Source records
------------------------------

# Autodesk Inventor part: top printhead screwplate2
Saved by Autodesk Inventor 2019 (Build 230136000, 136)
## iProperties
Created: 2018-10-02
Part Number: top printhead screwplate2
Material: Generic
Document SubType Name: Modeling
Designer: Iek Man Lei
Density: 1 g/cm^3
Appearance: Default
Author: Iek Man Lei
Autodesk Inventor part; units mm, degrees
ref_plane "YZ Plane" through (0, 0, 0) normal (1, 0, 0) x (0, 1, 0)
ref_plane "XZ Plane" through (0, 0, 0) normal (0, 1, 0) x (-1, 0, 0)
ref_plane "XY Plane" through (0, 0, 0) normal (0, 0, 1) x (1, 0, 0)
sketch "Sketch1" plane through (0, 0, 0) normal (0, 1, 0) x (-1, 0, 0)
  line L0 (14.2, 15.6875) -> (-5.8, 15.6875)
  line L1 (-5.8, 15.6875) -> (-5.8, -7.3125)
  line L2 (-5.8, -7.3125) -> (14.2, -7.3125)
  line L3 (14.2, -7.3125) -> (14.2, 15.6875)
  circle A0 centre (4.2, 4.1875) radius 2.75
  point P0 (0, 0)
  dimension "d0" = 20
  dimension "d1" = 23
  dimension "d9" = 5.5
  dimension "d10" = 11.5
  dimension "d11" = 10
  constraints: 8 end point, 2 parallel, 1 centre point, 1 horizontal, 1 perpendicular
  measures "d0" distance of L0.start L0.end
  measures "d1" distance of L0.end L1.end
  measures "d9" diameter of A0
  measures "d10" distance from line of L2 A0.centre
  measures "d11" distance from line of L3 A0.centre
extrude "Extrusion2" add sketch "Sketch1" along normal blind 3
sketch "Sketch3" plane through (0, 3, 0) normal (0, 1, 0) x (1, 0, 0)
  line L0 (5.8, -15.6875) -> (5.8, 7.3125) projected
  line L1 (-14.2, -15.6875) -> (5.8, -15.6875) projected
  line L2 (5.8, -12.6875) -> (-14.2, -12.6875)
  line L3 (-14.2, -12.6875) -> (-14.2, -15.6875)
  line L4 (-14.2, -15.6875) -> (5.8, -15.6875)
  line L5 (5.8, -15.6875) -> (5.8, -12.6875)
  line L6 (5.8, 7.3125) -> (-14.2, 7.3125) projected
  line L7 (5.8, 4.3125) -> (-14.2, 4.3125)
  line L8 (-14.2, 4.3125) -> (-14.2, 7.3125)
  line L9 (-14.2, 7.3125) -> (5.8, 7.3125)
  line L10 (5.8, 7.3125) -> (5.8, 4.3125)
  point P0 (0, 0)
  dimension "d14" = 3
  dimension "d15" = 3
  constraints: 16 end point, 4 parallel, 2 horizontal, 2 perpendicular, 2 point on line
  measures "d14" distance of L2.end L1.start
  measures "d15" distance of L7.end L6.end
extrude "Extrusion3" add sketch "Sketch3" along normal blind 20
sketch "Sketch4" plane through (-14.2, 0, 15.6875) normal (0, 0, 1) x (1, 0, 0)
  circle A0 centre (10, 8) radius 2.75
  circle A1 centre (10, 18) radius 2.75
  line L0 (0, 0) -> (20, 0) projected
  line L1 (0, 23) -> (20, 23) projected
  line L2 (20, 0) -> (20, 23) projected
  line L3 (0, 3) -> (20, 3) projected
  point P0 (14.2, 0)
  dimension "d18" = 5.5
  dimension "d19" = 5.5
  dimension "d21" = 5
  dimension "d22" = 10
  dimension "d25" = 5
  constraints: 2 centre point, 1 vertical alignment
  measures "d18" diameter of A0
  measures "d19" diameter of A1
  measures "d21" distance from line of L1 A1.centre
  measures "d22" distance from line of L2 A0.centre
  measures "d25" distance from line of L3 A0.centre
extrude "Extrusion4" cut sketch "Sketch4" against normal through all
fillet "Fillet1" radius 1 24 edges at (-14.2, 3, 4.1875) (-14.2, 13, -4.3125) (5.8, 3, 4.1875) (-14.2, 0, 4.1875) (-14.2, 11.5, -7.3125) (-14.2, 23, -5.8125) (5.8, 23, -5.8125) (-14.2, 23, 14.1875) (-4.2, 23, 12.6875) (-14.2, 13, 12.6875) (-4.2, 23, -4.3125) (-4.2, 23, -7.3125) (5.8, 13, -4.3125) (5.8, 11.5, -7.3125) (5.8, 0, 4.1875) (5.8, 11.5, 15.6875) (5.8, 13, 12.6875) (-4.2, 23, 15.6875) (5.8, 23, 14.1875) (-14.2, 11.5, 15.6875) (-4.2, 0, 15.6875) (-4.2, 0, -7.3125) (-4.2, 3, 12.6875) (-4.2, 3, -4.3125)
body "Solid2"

------------------------------

WHAT THE TASK REQUIRES
A single number is the whole answer: the tally of lines above that contain "sketch".

TASK OUTPUT
6